EXERCISE DIRECTIONS — Lines with the string "from" in the data below: report how many there are, and write nothing but the number.

RECORDS —

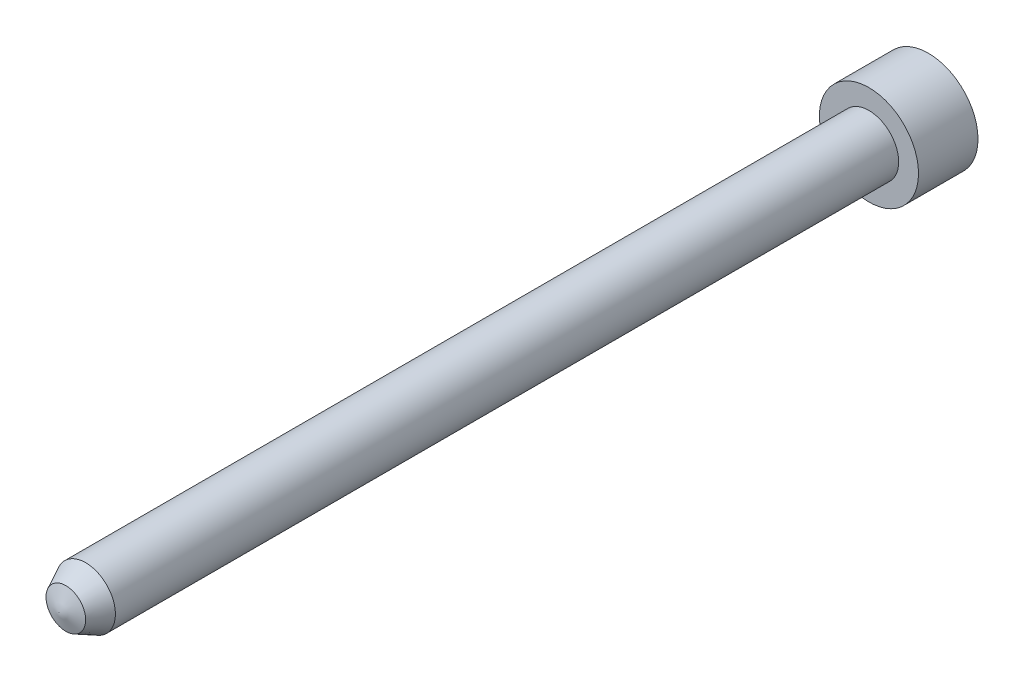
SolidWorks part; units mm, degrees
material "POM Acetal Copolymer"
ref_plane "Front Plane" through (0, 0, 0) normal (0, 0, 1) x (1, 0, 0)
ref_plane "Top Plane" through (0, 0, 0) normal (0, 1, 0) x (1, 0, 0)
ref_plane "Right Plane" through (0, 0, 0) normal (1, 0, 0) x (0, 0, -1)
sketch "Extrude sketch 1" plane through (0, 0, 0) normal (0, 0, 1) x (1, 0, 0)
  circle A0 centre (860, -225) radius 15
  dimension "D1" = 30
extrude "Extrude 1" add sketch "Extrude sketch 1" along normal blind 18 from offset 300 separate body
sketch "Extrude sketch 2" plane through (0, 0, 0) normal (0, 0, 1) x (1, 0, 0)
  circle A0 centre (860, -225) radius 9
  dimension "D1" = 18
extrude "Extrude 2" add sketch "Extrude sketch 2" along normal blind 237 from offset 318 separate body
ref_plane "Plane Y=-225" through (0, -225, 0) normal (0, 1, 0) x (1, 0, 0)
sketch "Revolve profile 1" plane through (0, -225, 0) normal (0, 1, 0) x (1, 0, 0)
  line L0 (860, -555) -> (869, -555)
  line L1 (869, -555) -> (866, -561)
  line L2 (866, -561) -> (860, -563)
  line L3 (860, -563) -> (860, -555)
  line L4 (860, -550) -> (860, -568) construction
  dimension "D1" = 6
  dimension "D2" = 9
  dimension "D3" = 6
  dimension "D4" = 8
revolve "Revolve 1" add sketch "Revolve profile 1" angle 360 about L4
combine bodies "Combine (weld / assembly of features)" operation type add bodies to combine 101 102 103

WORKED SOLUTION — 2